# Bidding



## mstapper (Jul 28, 2010)

I am bidding a bank lot, Shoudl I bid by the hour or job? if so how much an hour shoudl I cahrge> THanks


----------



## ajslands (Sep 3, 2009)

Ok so what are the details. And why don't you charge my the minute


----------



## grandview (Oct 9, 2005)

Depends,are you union or not?


----------



## Longae29 (Feb 15, 2008)

grandview;1054369 said:


> Depends,are you union or not?


I'll give you a break since you posted that at 4 in the a.m.

^ charge by the season. 

$59,432.69


----------



## KBTConst (Oct 25, 2009)

I would bid it per/time or per/season unless you have a 6' blade then per/hr.


----------



## jadyejr (Nov 29, 2008)

Longae29;1054386 said:


> I'll give you a break since you posted that at 4 in the a.m.
> 
> ^ charge by the season.
> 
> $59,432.69


Are you crazy!
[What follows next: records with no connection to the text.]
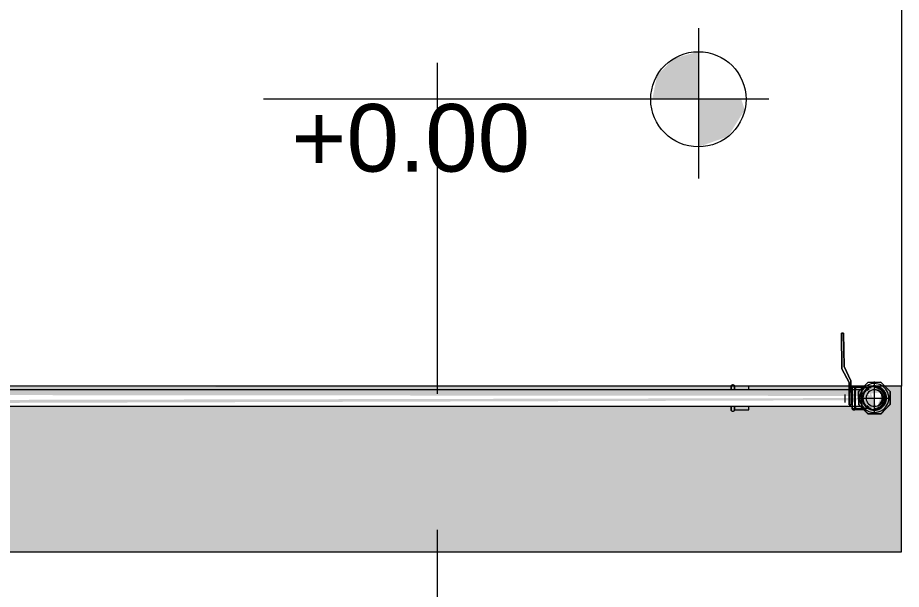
# Model space of a CAD drawing. Header units: metres. Extents: x 5 to 242, y -3 to 162.
# Drawn here: x 184.604 to 185.938, y 107.158 to 108.021 of the extents above; entities that cross this region are included whole.
import ezdxf

# ---------------------------------------------------------------- set-up
doc = ezdxf.new("R2010")
doc.units = ezdxf.units.M
doc.linetypes.add('IMPORT-Dashed _3_', pattern=[0.75, 0.5, -0.25])
doc.layers.add('1053_ARQ_BASE_MATADOURO_2_dwg', color=7, linetype='Continuous', lineweight=5, true_color=0x767676)
doc.layers.add('1053_ARQ_BASE_MATADOURO_dwg', color=7, linetype='Continuous', lineweight=5, true_color=0x767676)
for name, color, linetype, lineweight in [('A-PISO', 7, 'Continuous', 5), ('A-WALL', 7, 'Continuous', 9), ('A_PROJEÇÃO', 7, 'IMPORT-Dashed _3_', 5), ('P-PIPE', 7, 'Continuous', 5), ('P-PIPE-CNTR', 7, 'Continuous', 5)]:
    doc.layers.add(name, color=color, linetype=linetype, lineweight=lineweight)
doc.styles.add('Arial_1', font='arial.ttf', dxfattribs={"height": 0.102})

# ---------------------------------------------------------------- blocks, each defined once
blk = doc.blocks.new('AÇO_Tampão Com Rebordo - AÇO_Tampão Com Rebordo-V84-TÉRREO 1_20')
at = {"layer": 'P-PIPE'}
for p, q in [((0, 0.0177), (0.0218, 0.0177)), ((0, 0.0125), (0, 0.0177)), ((0, 0.0125), (0, 0.0177)), ((0.0218, 0.0177), (0.0218, 0.0125)), ((0.0218, 0.0177), (0.0218, 0.0125)), ((0, -0.0177), (0, -0.0125)), ((0, -0.0177), (0, -0.0125)), ((0.0218, -0.0125), (0.0218, -0.0177)), ((0.0218, -0.0125), (0.0218, -0.0177)), ((0.0218, -0.0177), (0, -0.0177))]:
    blk.add_line(p, q, dxfattribs=at)
at = {"layer": 'P-PIPE', "flags": 128}
for points in [[(0.0268, 0.0177), (0.0268, 0.0178), (0.0268, 0.0179), (0.0268, 0.018), (0.0268, 0.0181), (0.0268, 0.0182), (0.0267, 0.0183), (0.0267, 0.0184), (0.0267, 0.0185), (0.0266, 0.0186), (0.0266, 0.0187), (0.0266, 0.0188), (0.0265, 0.0189), (0.0265, 0.0189), (0.0264, 0.019), (0.0264, 0.0191), (0.0263, 0.0192), (0.0262, 0.0193), (0.0262, 0.0193), (0.0261, 0.0194), (0.026, 0.0195), (0.026, 0.0196), (0.0259, 0.0196), (0.0258, 0.0197), (0.0257, 0.0197), (0.0257, 0.0198), (0.0256, 0.0199), (0.0255, 0.0199), (0.0254, 0.02), (0.0253, 0.02), (0.0252, 0.02), (0.0251, 0.0201), (0.025, 0.0201), (0.0249, 0.0201), (0.0248, 0.0201), (0.0247, 0.0202), (0.0246, 0.0202), (0.0245, 0.0202), (0.0244, 0.0202), (0.0243, 0.0202), (0.0242, 0.0202), (0.0241, 0.0202), (0.024, 0.0202), (0.0239, 0.0202), (0.0238, 0.0202), (0.0237, 0.0201), (0.0236, 0.0201), (0.0235, 0.0201), (0.0234, 0.02), (0.0234, 0.02), (0.0233, 0.02), (0.0232, 0.0199), (0.0231, 0.0199), (0.023, 0.0198), (0.0229, 0.0198), (0.0228, 0.0197), (0.0227, 0.0197), (0.0227, 0.0196), (0.0226, 0.0195), (0.0225, 0.0195), (0.0225, 0.0194), (0.0224, 0.0193), (0.0223, 0.0192), (0.0223, 0.0192), (0.0222, 0.0191), (0.0222, 0.019), (0.0221, 0.0189), (0.0221, 0.0188), (0.022, 0.0187), (0.022, 0.0186), (0.0219, 0.0185), (0.0219, 0.0184), (0.0219, 0.0183), (0.0219, 0.0182), (0.0218, 0.0182), (0.0218, 0.0181), (0.0218, 0.018), (0.0218, 0.0179), (0.0218, 0.0178), (0.0218, 0.0177)], [(0.0218, 0.0126), (0.0218, 0.0131), (0.0218, 0.0135), (0.0218, 0.014), (0.0218, 0.0144), (0.0218, 0.0148), (0.0218, 0.0152), (0.0218, 0.0155), (0.0218, 0.0158), (0.0218, 0.0162), (0.0218, 0.0164), (0.0218, 0.0167), (0.0218, 0.0169), (0.0218, 0.0171), (0.0218, 0.0173), (0.0218, 0.0174), (0.0218, 0.0175), (0.0218, 0.0176), (0.0218, 0.0177), (0.0218, 0.0177)], [(0.0218, 0.0177), (0.0218, 0.0176), (0.0218, 0.0176), (0.0218, 0.0175), (0.0218, 0.0173), (0.0218, 0.0172), (0.0218, 0.017), (0.0218, 0.0168), (0.0218, 0.0166), (0.0218, 0.0163), (0.0218, 0.016), (0.0218, 0.0157), (0.0218, 0.0154), (0.0218, 0.015), (0.0218, 0.0146), (0.0218, 0.0142), (0.0218, 0.0138), (0.0218, 0.0133), (0.0218, 0.0128), (0.0218, 0.0123)], [(0.0268, 0.0177), (0.0268, 0.0176), (0.0268, 0.0176), (0.0268, 0.0175), (0.0268, 0.0173), (0.0268, 0.0172), (0.0268, 0.017), (0.0268, 0.0168), (0.0268, 0.0166), (0.0268, 0.0163), (0.0268, 0.016), (0.0268, 0.0157), (0.0268, 0.0154), (0.0268, 0.015), (0.0268, 0.0146), (0.0268, 0.0142), (0.0268, 0.0138), (0.0268, 0.0133), (0.0268, 0.0128), (0.0268, 0.0123)], [(0.0268, 0.0126), (0.0268, 0.0131), (0.0268, 0.0135), (0.0268, 0.014), (0.0268, 0.0144), (0.0268, 0.0148), (0.0268, 0.0152), (0.0268, 0.0155), (0.0268, 0.0158), (0.0268, 0.0162), (0.0268, 0.0164), (0.0268, 0.0167), (0.0268, 0.0169), (0.0268, 0.0171), (0.0268, 0.0173), (0.0268, 0.0174), (0.0268, 0.0175), (0.0268, 0.0176), (0.0268, 0.0177), (0.0268, 0.0177)], [(0.0218, -0.0177), (0.0218, -0.0176), (0.0218, -0.0176), (0.0218, -0.0175), (0.0218, -0.0173), (0.0218, -0.0172), (0.0218, -0.017), (0.0218, -0.0168), (0.0218, -0.0166), (0.0218, -0.0163), (0.0218, -0.016), (0.0218, -0.0157), (0.0218, -0.0154), (0.0218, -0.015), (0.0218, -0.0146), (0.0218, -0.0142), (0.0218, -0.0138), (0.0218, -0.0133), (0.0218, -0.0128), (0.0218, -0.0123)], [(0.0218, -0.0126), (0.0218, -0.0131), (0.0218, -0.0135), (0.0218, -0.014), (0.0218, -0.0144), (0.0218, -0.0148), (0.0218, -0.0152), (0.0218, -0.0155), (0.0218, -0.0158), (0.0218, -0.0162), (0.0218, -0.0164), (0.0218, -0.0167), (0.0218, -0.0169), (0.0218, -0.0171), (0.0218, -0.0173), (0.0218, -0.0174), (0.0218, -0.0175)], [(0.0268, -0.0177), (0.0268, -0.0176), (0.0268, -0.0176), (0.0268, -0.0175), (0.0268, -0.0173), (0.0268, -0.0172), (0.0268, -0.017), (0.0268, -0.0168), (0.0268, -0.0166), (0.0268, -0.0163), (0.0268, -0.016), (0.0268, -0.0157), (0.0268, -0.0154), (0.0268, -0.015), (0.0268, -0.0146), (0.0268, -0.0142), (0.0268, -0.0138), (0.0268, -0.0133), (0.0268, -0.0128), (0.0268, -0.0123)], [(0.0268, -0.0126), (0.0268, -0.0131), (0.0268, -0.0135), (0.0268, -0.014), (0.0268, -0.0144), (0.0268, -0.0148), (0.0268, -0.0152), (0.0268, -0.0155), (0.0268, -0.0158), (0.0268, -0.0162), (0.0268, -0.0164), (0.0268, -0.0167), (0.0268, -0.0169), (0.0268, -0.0171), (0.0268, -0.0173), (0.0268, -0.0174), (0.0268, -0.0175)], [(0.0218, -0.0175), (0.0218, -0.0176), (0.0218, -0.0177), (0.0218, -0.0177)], [(0.0218, -0.0177), (0.0218, -0.0178), (0.0218, -0.0179), (0.0218, -0.018), (0.0218, -0.0181), (0.0218, -0.0182), (0.0219, -0.0183), (0.0219, -0.0184), (0.0219, -0.0185), (0.022, -0.0186), (0.022, -0.0187), (0.022, -0.0188), (0.0221, -0.0189), (0.0221, -0.0189), (0.0222, -0.019), (0.0222, -0.0191), (0.0223, -0.0192), (0.0224, -0.0193), (0.0224, -0.0193), (0.0225, -0.0194), (0.0226, -0.0195), (0.0226, -0.0196), (0.0227, -0.0196), (0.0228, -0.0197), (0.0229, -0.0197), (0.0229, -0.0198), (0.023, -0.0199), (0.0231, -0.0199), (0.0232, -0.02), (0.0233, -0.02), (0.0234, -0.02), (0.0235, -0.0201), (0.0236, -0.0201), (0.0237, -0.0201), (0.0238, -0.0201), (0.0239, -0.0202), (0.024, -0.0202), (0.0241, -0.0202), (0.0242, -0.0202), (0.0243, -0.0202), (0.0244, -0.0202), (0.0245, -0.0202), (0.0246, -0.0202), (0.0247, -0.0202), (0.0248, -0.0202), (0.0249, -0.0201), (0.025, -0.0201), (0.0251, -0.0201), (0.0252, -0.02), (0.0252, -0.02), (0.0253, -0.02), (0.0254, -0.0199), (0.0255, -0.0199), (0.0256, -0.0198), (0.0257, -0.0198), (0.0258, -0.0197), (0.0259, -0.0197), (0.0259, -0.0196), (0.026, -0.0195), (0.0261, -0.0195), (0.0261, -0.0194), (0.0262, -0.0193), (0.0263, -0.0192), (0.0263, -0.0192), (0.0264, -0.0191), (0.0264, -0.019), (0.0265, -0.0189), (0.0265, -0.0188), (0.0266, -0.0187), (0.0266, -0.0186), (0.0267, -0.0185), (0.0267, -0.0184), (0.0267, -0.0183), (0.0267, -0.0182), (0.0268, -0.0182), (0.0268, -0.0181), (0.0268, -0.018), (0.0268, -0.0179), (0.0268, -0.0178), (0.0268, -0.0177)], [(0.0268, -0.0175), (0.0268, -0.0176), (0.0268, -0.0177), (0.0268, -0.0177)]]:
    blk.add_lwpolyline(points, dxfattribs=at)
blk = doc.blocks.new('Valvula esfera BSP - Válvula Esfera BSP - TupyValve - Válvula Esfera BSP TupyValves PN25 Standard-V87-TÉRREO 1_20')
at = {"layer": 'P-PIPE', "true_color": 0x7f7f7f}
blk.add_hatch(color=8, dxfattribs=at).paths.add_polyline_path([(159.5034, 107.4297), (159.4929, 107.4553), (159.4894, 107.4402), (159.4977, 107.434)])
at = {"layer": 'P-PIPE'}
for p, q in [((159.4497, 107.4908), (159.4492, 107.5445)), ((159.4492, 107.5445), (159.4523, 107.5445)), ((159.4523, 107.5445), (159.4492, 107.5445)), ((159.4492, 107.5445), (159.4497, 107.4908)), ((159.4523, 107.5445), (159.4529, 107.4943)), ((159.4529, 107.4943), (159.4523, 107.5445)), ((159.4604, 107.4698), (159.4497, 107.4908)), ((159.4497, 107.4908), (159.4604, 107.4698)), ((159.4529, 107.4943), (159.4634, 107.4724)), ((159.4634, 107.4724), (159.4529, 107.4943)), ((159.4607, 107.4361), (159.4604, 107.4698)), ((159.4604, 107.4698), (159.4607, 107.4361)), ((159.4634, 107.4724), (159.4638, 107.4361)), ((159.4638, 107.4361), (159.4634, 107.4724)), ((159.4859, 107.4641), (159.4685, 107.4639)), ((159.4685, 107.4639), (159.4689, 107.4291)), ((159.4685, 107.4639), (159.4689, 107.4291)), ((159.4888, 107.4701), (159.4749, 107.4562)), ((159.4749, 107.4562), (159.4888, 107.4701)), ((159.4886, 107.4701), (159.4749, 107.456)), ((159.4749, 107.456), (159.4886, 107.4701)), ((159.5082, 107.4703), (159.4886, 107.4701)), ((159.4886, 107.4701), (159.5082, 107.4703)), ((159.5085, 107.4703), (159.4888, 107.4701)), ((159.4888, 107.4701), (159.5085, 107.4703)), ((159.5223, 107.4566), (159.5082, 107.4703)), ((159.5082, 107.4703), (159.5223, 107.4566)), ((159.5223, 107.4564), (159.5085, 107.4703)), ((159.5085, 107.4703), (159.5223, 107.4564)), ((159.4539, 107.452), (159.454, 107.44)), ((159.4539, 107.452), (159.454, 107.44)), ((159.4606, 107.4521), (159.4607, 107.4401)), ((159.4606, 107.4521), (159.4607, 107.4401)), ((159.4638, 107.4401), (159.4637, 107.4521)), ((159.4638, 107.4401), (159.4637, 107.4521)), ((159.4688, 107.4402), (159.4687, 107.4522)), ((159.4688, 107.4402), (159.4687, 107.4522)), ((159.4749, 107.4562), (159.4751, 107.4366)), ((159.4751, 107.4366), (159.4749, 107.4562)), ((159.4749, 107.456), (159.4751, 107.4363)), ((159.4751, 107.4363), (159.4749, 107.456)), ((159.5225, 107.437), (159.5223, 107.4566)), ((159.5223, 107.4566), (159.5225, 107.437)), ((159.5225, 107.4367), (159.5223, 107.4564)), ((159.5223, 107.4564), (159.5225, 107.4367)), ((159.4638, 107.4361), (159.4607, 107.4361)), ((159.4607, 107.4361), (159.4638, 107.4361)), ((159.4751, 107.4366), (159.4889, 107.4227)), ((159.4889, 107.4227), (159.4751, 107.4366)), ((159.4751, 107.4363), (159.4892, 107.4227)), ((159.4892, 107.4227), (159.4751, 107.4363)), ((159.5086, 107.4229), (159.5225, 107.4367)), ((159.5225, 107.4367), (159.5086, 107.4229)), ((159.5089, 107.4229), (159.5225, 107.437)), ((159.5225, 107.437), (159.5089, 107.4229)), ((159.4689, 107.4291), (159.4853, 107.4293)), ((159.4889, 107.4227), (159.5086, 107.4229)), ((159.5086, 107.4229), (159.4889, 107.4227)), ((159.4892, 107.4227), (159.5089, 107.4229)), ((159.5089, 107.4229), (159.4892, 107.4227))]:
    blk.add_line(p, q, dxfattribs=at)
for centre, radius, start, end in [((159.4987, 107.4465), 0.0218, 90.6079, 270.6079), ((159.4987, 107.4465), 0.0218, 90.6079, 270.6079), ((159.4988, 107.4464), 0.0174, 90.6079, 270.6079), ((159.4988, 107.4464), 0.0174, 90.6079, 270.6079), ((159.4987, 107.4465), 0.0174, 90.6079, 150.6079), ((159.4987, 107.4465), 0.0174, 90.6079, 150.6079), ((159.4987, 107.4465), 0.0218, 270.6079, 90.6079), ((159.4987, 107.4465), 0.0218, 270.6079, 90.6079), ((159.4987, 107.4465), 0.0174, 270.6079, 90.6079), ((159.4987, 107.4465), 0.0174, 270.6079, 90.6079), ((159.4988, 107.4464), 0.0174, 270.6079, 90.6079), ((159.4988, 107.4464), 0.0174, 270.6079, 90.6079), ((159.4987, 107.4465), 0.0174, 210.6079, 270.6079), ((159.4987, 107.4465), 0.0174, 210.6079, 270.6079)]:
    blk.add_arc(centre, radius, start, end, dxfattribs=at)
for points, knots in [([(159.4853, 107.4293), (159.4852, 107.4293), (159.485, 107.4295), (159.4845, 107.43), (159.484, 107.4304), (159.4834, 107.4309), (159.4828, 107.4316), (159.482, 107.4324), (159.4813, 107.4333), (159.4807, 107.4343), (159.4797, 107.4357), (159.4789, 107.4373), (159.4782, 107.4391), (159.4777, 107.4405), (159.4774, 107.442), (159.477, 107.444), (159.4769, 107.4462), (159.477, 107.4484), (159.4772, 107.4505), (159.4777, 107.4525), (159.4784, 107.4544), (159.4791, 107.4561), (159.48, 107.4577), (159.4809, 107.4591), (159.4817, 107.4601), (159.4824, 107.4609), (159.4831, 107.4618), (159.4839, 107.4624), (159.4844, 107.4629), (159.4847, 107.4632), (159.485, 107.4635), (159.4855, 107.4638), (159.4858, 107.464), (159.4859, 107.4641)], [0, 0, 0, 0, 0.055556, 0.083333, 0.111111, 0.138889, 0.166667, 0.194444, 0.222222, 0.25, 0.277778, 0.333333, 0.361111, 0.388889, 0.416667, 0.444444, 0.5, 0.527778, 0.555556, 0.611111, 0.638889, 0.666667, 0.722222, 0.75, 0.777778, 0.805556, 0.833333, 0.861111, 0.888889, 0.902778, 0.916667, 0.944444, 1, 1, 1, 1]), ([(159.4859, 107.4641), (159.4858, 107.464), (159.4855, 107.4638), (159.485, 107.4635), (159.4847, 107.4632), (159.4844, 107.4629), (159.4839, 107.4624), (159.4831, 107.4618), (159.4824, 107.4609), (159.4817, 107.4601), (159.4809, 107.4591), (159.48, 107.4577), (159.4791, 107.4561), (159.4784, 107.4544), (159.4779, 107.4529), (159.4775, 107.4515), (159.4771, 107.4494), (159.4769, 107.4473), (159.4769, 107.4451), (159.4771, 107.443), (159.4776, 107.441), (159.4782, 107.4391), (159.4789, 107.4373), (159.4797, 107.4357), (159.4807, 107.4343), (159.4813, 107.4333), (159.482, 107.4324), (159.4828, 107.4316), (159.4834, 107.4309), (159.484, 107.4304), (159.4845, 107.43), (159.485, 107.4295), (159.4852, 107.4293), (159.4853, 107.4293)], [0, 0, 0, 0, 0.055556, 0.083333, 0.097222, 0.111111, 0.138889, 0.166667, 0.194444, 0.222222, 0.25, 0.277778, 0.333333, 0.361111, 0.388889, 0.416667, 0.444444, 0.5, 0.527778, 0.555556, 0.611111, 0.638889, 0.666667, 0.722222, 0.75, 0.777778, 0.805556, 0.833333, 0.861111, 0.888889, 0.916667, 0.944444, 1, 1, 1, 1])]:
    blk.add_open_spline(points, degree=3, knots=knots, dxfattribs=at)
blk = doc.blocks.new('AÇO_Cotovelo 90 45 - AÇO_Cotovelo 90 45-V108-TÉRREO 1_20')
at = {"layer": 'P-PIPE'}
for p, q in [((159.4799, 107.4623), (159.4654, 107.4623)), ((159.4654, 107.4623), (159.4654, 107.4465)), ((159.4799, 107.4465), (159.4799, 107.4623)), ((159.4799, 107.4623), (159.4799, 107.4465)), ((159.4654, 107.4465), (159.4654, 107.4307)), ((159.4799, 107.4307), (159.4799, 107.4465)), ((159.4799, 107.4465), (159.4799, 107.4307)), ((159.4654, 107.4307), (159.4799, 107.4307))]:
    blk.add_line(p, q, dxfattribs=at)
at = {"layer": 'P-PIPE', "flags": 128}
for points in [[(159.4654, 107.4623), (159.4654, 107.4624), (159.4654, 107.4625), (159.4654, 107.4626), (159.4654, 107.4627), (159.4655, 107.4628), (159.4655, 107.4629), (159.4655, 107.463), (159.4655, 107.4631), (159.4656, 107.4632), (159.4656, 107.4633), (159.4657, 107.4633), (159.4657, 107.4634), (159.4657, 107.4635), (159.4658, 107.4636), (159.4659, 107.4637), (159.4659, 107.4638), (159.466, 107.4639), (159.466, 107.4639), (159.4661, 107.464), (159.4662, 107.4641), (159.4662, 107.4641), (159.4663, 107.4642), (159.4664, 107.4643), (159.4665, 107.4643), (159.4666, 107.4644), (159.4666, 107.4644), (159.4667, 107.4645), (159.4668, 107.4645), (159.4669, 107.4646), (159.467, 107.4646), (159.4671, 107.4646), (159.4672, 107.4647), (159.4673, 107.4647), (159.4674, 107.4647), (159.4675, 107.4647), (159.4676, 107.4648), (159.4677, 107.4648), (159.4678, 107.4648), (159.4679, 107.4648), (159.4679, 107.4648)], [(159.4654, 107.4587), (159.4654, 107.4591), (159.4654, 107.4594), (159.4654, 107.4598), (159.4654, 107.4601), (159.4654, 107.4604), (159.4654, 107.4607), (159.4654, 107.461), (159.4654, 107.4612), (159.4654, 107.4614), (159.4654, 107.4616), (159.4654, 107.4618), (159.4654, 107.4619), (159.4654, 107.4621), (159.4654, 107.4621), (159.4654, 107.4622), (159.4654, 107.4623)], [(159.4654, 107.4623), (159.4654, 107.4622), (159.4654, 107.4622), (159.4654, 107.4621), (159.4654, 107.462), (159.4654, 107.4618), (159.4654, 107.4617), (159.4654, 107.4615), (159.4654, 107.4613), (159.4654, 107.461), (159.4654, 107.4608), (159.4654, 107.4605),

I wouldn't touch it for that!


----------



## dirtmandan2 (Nov 2, 2007)

The bank will want the parking lot clean, the bank I do on a larger snowfall I may plow 2 to 3 times during the day and then clean everything after... So bid accordingly,,, And I do it by the hour with a minimum for each time I'm there


----------



## grandview (Oct 9, 2005)

did I tell you guys seasonal plowing for me. Only thing you need to do is keep the lot open and send out the bill each month.


----------



## redman6565 (Jul 14, 2008)

mstapper;1054349 said:


> I am bidding a bank lot, Shoudl I bid by the hour or job? if so how much an hour shoudl I cahrge> THanks


per trip is the best.


----------